The hypotheses for this test are as follows:

\(H_0\): The difference of average miles is equal to zero. That is: \(\mu_{diff} = 0\)

\(H_A\): The difference of average miles is NOT equal to zero. That is: \(\mu_{diff} \ne 0\)

From the text we have as follows:

n <- 26
# Automatic
mu_a <- 16.12
sd_a <- 3.58
# Manual
mu_m <- 19.85
sd_m <- 4.51

# difference in sample means
mu_Diff <- mu_a - mu_m

# standard error of this point estimate
SE_Diff <- ( (sd_a ^ 2 / n) + ( sd_m ^ 2 / n) ) ^ 0.5

t_val <- (mu_Diff - 0) / SE_Diff
df <- n - 1
p <- pt(t_val, df = df)
p

## [1] 0.001441807

Since the p-value is less than 0.05, we reject the null hypothesis H0 and conclude that there is strong evidence of a difference in fuel efficiency between manual and automatic transmissions.

Answer

(a) Write hypotheses for evaluating whether the average number of hours worked varies across the five groups.

The hypotheses for this ANOVA test follow:

\(H_0\): The difference of ALL averages is equal. That is: \(\mu_l = \mu_h = \mu_j = \mu_b = \mu_g\)

\(H_A\): There is one average that is NOT equal to the other ones.

(b) Check conditions and describe any assumptions you must make to proceed with the test.
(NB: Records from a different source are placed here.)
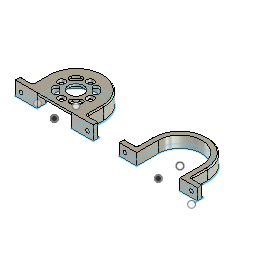
Крепеж Мотора550 v2 (Autodesk Fusion 360 design; units mm, degrees)
Autodesk Fusion 360 part; units mm, degrees
sketch "Sketch1" plane through (0, 0, 0) normal (0, 0, 1) x (1, 0, 0)
  line L0 (52.7317, 75.765) -> (52.7317, 80.765)
  line L1 (120.2317, 80.765) -> (120.2317, 75.765)
  line L2 (52.7317, 80.765) -> (62.7317, 80.765)
  line L3 (110.2317, 80.765) -> (120.2317, 80.765)
  line L4 (62.7317, 94.515) -> (62.7317, 80.765)
  line L5 (110.2317, 80.765) -> (110.2317, 94.515)
  arc A0 (110.2317, 94.515) -> (62.7317, 94.515) centre (86.4817, 94.515) ccw
  arc A1 (67.1168, 80.765) -> (67.7317, 79.9376) centre (86.4817, 94.515) ccw
  line L6 (195.2317, 75.765) -> (195.2317, 94.515)
  line L7 (210.2317, 80.765) -> (210.2317, 70.765)
  line L8 (200.2317, 80.765) -> (210.2317, 80.765)
  line L9 (200.2317, 80.765) -> (200.2317, 94.515)
  line L10 (142.7317, 80.765) -> (152.7317, 80.765)
  arc A2 (157.1168, 80.765) -> (157.7317, 79.9376) centre (176.4817, 94.515) ccw
  line L11 (152.7317, 94.515) -> (152.7317, 80.765)
  arc A3 (200.2317, 94.515) -> (152.7317, 94.515) centre (176.4817, 94.515) ccw
  line L12 (157.7317, 94.515) -> (157.7317, 75.765)
  line L13 (142.7317, 75.765) -> (142.7317, 80.765)
  line L14 (71.4817, 83.265) -> (71.4817, 75.765)
  line L15 (101.4817, 75.765) -> (101.4817, 83.265)
  arc A4 (101.4817, 83.265) -> (71.4817, 83.265) centre (86.4817, 94.515) ccw
  line L16 (52.7317, 75.765) -> (71.4817, 75.765)
  line L17 (101.4817, 75.765) -> (120.2317, 75.765)
  arc A5 (195.2317, 94.515) -> (157.7317, 94.515) centre (176.4817, 94.515) ccw
  line L18 (142.7317, 75.765) -> (157.7317, 75.765)
  line L19 (195.2317, 75.765) -> (210.2317, 75.765)
  point P0 (86.4817, 75.765)
  point P1 (86.4817, 75.765)
  point P2 (176.4817, 75.765)
  point P3 (176.4817, 75.765)
  point P4 (86.4817, 75.765)
  dimension "d1" = 37.5
  dimension "d3" = 47.5
  dimension "d4" = 67.5
  dimension "d6" = 37.5
  dimension "d7" = 47.5
  dimension "d8" = 67.5
  constraint parallel L0 L1
  constraint concentric A0 A4
  constraint coincident A1.start A0
  constraint collinear L2 L3
  constraint parallel L4 L5
  constraint tangent L5 A0
  constraint coincident P4 P1
  constraint concentric A0 A1
  constraint parallel L7 L13
  constraint midpoint L19.end L7
  constraint concentric A3 A5
  constraint coincident A2.start A3
  constraint collinear L8 L10
  constraint parallel L9 L11
  constraint tangent L9 A3
  constraint parallel L6 L12
  constraint coincident P3 P2
  constraint coincident L6.start L18
  constraint coincident A2.end L12
  constraint concentric A2 A3
  constraint parallel L14 L15
  constraint collinear L16 L17
  constraint collinear L18 L19
  measures "d1" diameter of A4
  measures "d3" diameter of A0
  measures "d4" distance of L0.end L1.start
  measures "d6" diameter of A5
  measures "d7" diameter of A3
  measures "d8" distance of L10.start L7.start
extrude "Extrude1" add sketch "Sketch1" along normal blind 10 contours L0 L1 L2 L3 L4 L5 A0 L14 L15 A4 L16 L17 makes body 1
extrude "Extrude2" add sketch "Sketch1" along normal blind 10 separate body contours L6 L7 L8 L9 L10 L11 A3 L12 L13 A5 L18 L19 makes body 2
hole "Hole1" at (205.2317, 80.765, 5) direction (0, -1, 0) diameter 3 depth 8 tip angle 118 bodies 2
hole "Hole2" at (147.7317, 80.765, 5) direction (0, -1, 0) diameter 3 depth 8 tip angle 118 bodies 2
hole "Hole3" at (115.2317, 80.765, 5) direction (0, -1, 0) diameter 3 depth 8 tip angle 118 bodies 1
hole "Hole4" at (57.7317, 80.765, 5) direction (0, -1, 0) diameter 3 depth 8 tip angle 118 bodies 1
sketch "Sketch2" plane through (0, 0, 10) normal (0, 0, 1) x (-1, 0, 0)
  line L0 (-101.4817, -83.265) -> (-101.4817, -75.765)
  line L1 (-101.4817, -75.765) -> (-120.2317, -75.765)
  line L2 (-120.2317, -75.765) -> (-120.2317, -80.765)
  line L3 (-120.2317, -80.765) -> (-110.2317, -80.765)
  line L4 (-110.2317, -80.765) -> (-110.2317, -94.515)
  arc A0 (-110.2317, -94.515) -> (-62.7317, -94.515) centre (-86.4817, -94.515) ccw
  line L5 (-62.7317, -94.515) -> (-62.7317, -80.765)
  line L6 (-62.7317, -80.765) -> (-52.7317, -80.765)
  line L7 (-52.7317, -80.765) -> (-52.7317, -75.765)
  line L8 (-52.7317, -75.765) -> (-71.4817, -75.765)
  line L9 (-71.4817, -75.765) -> (-71.4817, -83.265)
  arc A1 (-101.4817, -83.265) -> (-71.4817, -83.265) centre (-86.4817, -94.515) ccw
  line L10 (-71.4817, -75.765) -> (-101.4817, -75.765)
  circle A2 centre (-86.4817, -94.515) radius 6.65
  circle A3 centre (-98.9817, -94.515) radius 1.55
  circle A4 centre (-86.4817, -94.515) radius 12.5
  arc A5 (-78.1054, -106.9584) -> (-74.0383, -102.8913) centre (-86.4817, -94.515) ccw
  arc A6 (-80.8975, -102.8106) -> (-78.1054, -106.9584) centre (-79.5015, -104.8845) ccw
  arc A7 (-80.8975, -102.8106) -> (-78.1861, -100.0992) centre (-86.4817, -94.515) ccw
  arc A8 (-74.0383, -102.8913) -> (-78.1861, -100.0992) centre (-76.1122, -101.4952) ccw
  arc A9 (-79.5015, -104.8845) -> (-76.1122, -101.4952) centre (-86.4817, -94.515) ccw construction
  arc A10 (-74.0383, -86.1387) -> (-78.1054, -82.0716) centre (-86.4817, -94.515) ccw
  arc A11 (-78.1861, -88.9308) -> (-74.0383, -86.1387) centre (-76.1122, -87.5347) ccw
  arc A12 (-78.1861, -88.9308) -> (-80.8975, -86.2194) centre (-86.4817, -94.515) ccw
  arc A13 (-78.1054, -82.0716) -> (-80.8975, -86.2194) centre (-79.5015, -84.1455) ccw
  arc A14 (-94.858, -82.0716) -> (-98.9251, -86.1387) centre (-86.4817, -94.515) ccw
  arc A15 (-92.0659, -86.2194) -> (-94.858, -82.0716) centre (-93.462, -84.1455) ccw
  arc A16 (-92.0659, -86.2194) -> (-94.7773, -88.9308) centre (-86.4817, -94.515) ccw
  arc A17 (-98.9251, -86.1387) -> (-94.7773, -88.9308) centre (-96.8512, -87.5347) ccw
  arc A18 (-98.9251, -102.8913) -> (-94.858, -106.9584) centre (-86.4817, -94.515) ccw
  arc A19 (-94.7773, -100.0992) -> (-98.9251, -102.8913) centre (-96.8512, -101.4952) ccw
  arc A20 (-94.7773, -100.0992) -> (-92.0659, -102.8106) centre (-86.4817, -94.515) ccw
  arc A21 (-94.858, -106.9584) -> (-92.0659, -102.8106) centre (-93.462, -104.8845) ccw
  arc A22 (-101.0591, -75.765) -> (-71.9043, -75.765) centre (-86.4817, -94.515) ccw
  circle A23 centre (-86.4817, -107.015) radius 1.55
  circle A24 centre (-73.9817, -94.515) radius 1.55
  circle A25 centre (-86.4817, -82.015) radius 1.55
  point P0 (-77.6281, -103.339)
  dimension "d26" = 13.3
  dimension "d28" = 3.1
  dimension "d29" = 12.5
  dimension "d32" = 12.5
  dimension "d33" = 5
  dimension "d34" = 2.3869
  dimension "d35" = 4.7931
  dimension "d37" = 360
  dimension "d44" = 360
  constraint concentric A0 A22
  constraint coincident L8.end L9.start
  constraint coincident L0.end L1.start
  constraint concentric A2 A22
  constraint concentric A2 A4
  constraint coincident P0 A4
  constraint tangent A5 A6
  constraint tangent A6 A7
  constraint tangent A7 A8
  constraint tangent A5 A8
  constraint coincident A4 A6.centre
  constraint coincident A4 A8.centre
  constraint coincident L10 A22.end
  constraint coincident L10 A22.start
  measures "d26" diameter of A2
  measures "d28" diameter of A3
  measures "d29" distance of A0.centre A3.centre
  measures "d32" distance of A0.centre P0
  measures "d33" diameter of A8
  measures "d34" distance of P0 A8.centre
  measures "d35" distance of A8.centre A6.centre
extrude "Extrude3" add sketch "Sketch2" along normal blind 2 separate body contours L0 L9 A1 L10 A22 | A3 A4 A6 A7 A8 A11 A12 A13 A15 A16 A17 A19 A20 A21 A23 A24 A25 makes body 3
extrude "Extrude4" add 1 faces at (104.3984, 79.9316, 10) along direction (0, 0, 1) blind 2 on bodies 1 bodies 1 3
chamfer "Chamfer2" distance 1.5 angle 45 4 edges at (87.9268, 106.4545, 12) (75.4268, 93.9545, 12) (87.9268, 81.4545, 12) (100.4268, 93.9545, 12) on bodies 1
chamfer "Chamfer3" distance 2 angle 45 4 edges at (115.7741, 80.765, 3.6015) (58.2741, 80.765, 3.6015) (205.7741, 80.765, 3.6015) (148.2741, 80.765, 3.6015) on bodies 1 2
fillet "Fillet2" radius 1 5 faces at (179.4349, 118.0807, 6.6667) (152.7317, 89.9316, 3.3333) (200.2317, 85.3483, 3.3333) (143.235, 80.765, 4.9128) (200.735, 80.765, 5.0872) on bodies 2
fillet "Fillet3" radius 1 5 faces at (108.3668, 103.7403, 8) (62.7317, 89.9316, 4) (110.2317, 85.3483, 4) (57.7317, 80.765, 10.8333) (115.2317, 80.765, 10.8333) on bodies 1
named bodies: "КрепежМотораПеред", "КрепежМотора2"

• The observations are independent within and across groups: I will assume independence within and across the groups based on the nature of the provided data.

• The data within each group are nearly normal: The box plots do not support nearly normal data within each group. Each group has outliers some groups seem to follow a normal distribution.

• The variability across the groups is about equal: There seems to be a similarity of variability in between some of the groups just by observing the standard deviations.

(c) Below is part of the output associated with this test. Fill in the empty cells.

mu <- c(38.67, 39.6, 41.39, 42.55, 40.85)
sd <- c(15.81, 14.97, 18.1, 13.62, 15.51)
n <- c(121, 546, 97, 253, 155)
data_table <- data.frame (mu, sd, n)

n <- sum(data_table$n)
k <- length(data_table$mu)

# Finding degrees of freedom
df <- k - 1
dfResidual <- n - k

# Using the qf function on the Pr(>F) to get the F-statistic:

Prf <- 0.0682
F_statistic <- qf( 1 - Prf, df , dfResidual)

# F-statistic = MSG/MSE

MSG <- 501.54
MSE <- MSG / F_statistic

# MSG = 1 / df * SSG

SSG <- df * MSG
SSE <- 267382

# SST = SSG + SSE, and df_Total = df + dfResidual

SST <- SSG + SSE
dft <- df + dfResidual

(d) The independence assumption can be relaxed when the total sample size is large.

Since the p-value = 0.0682 is greater than 0.05, We conclude that there is not a significant difference between the groups and the null hypothesis does not get rejected.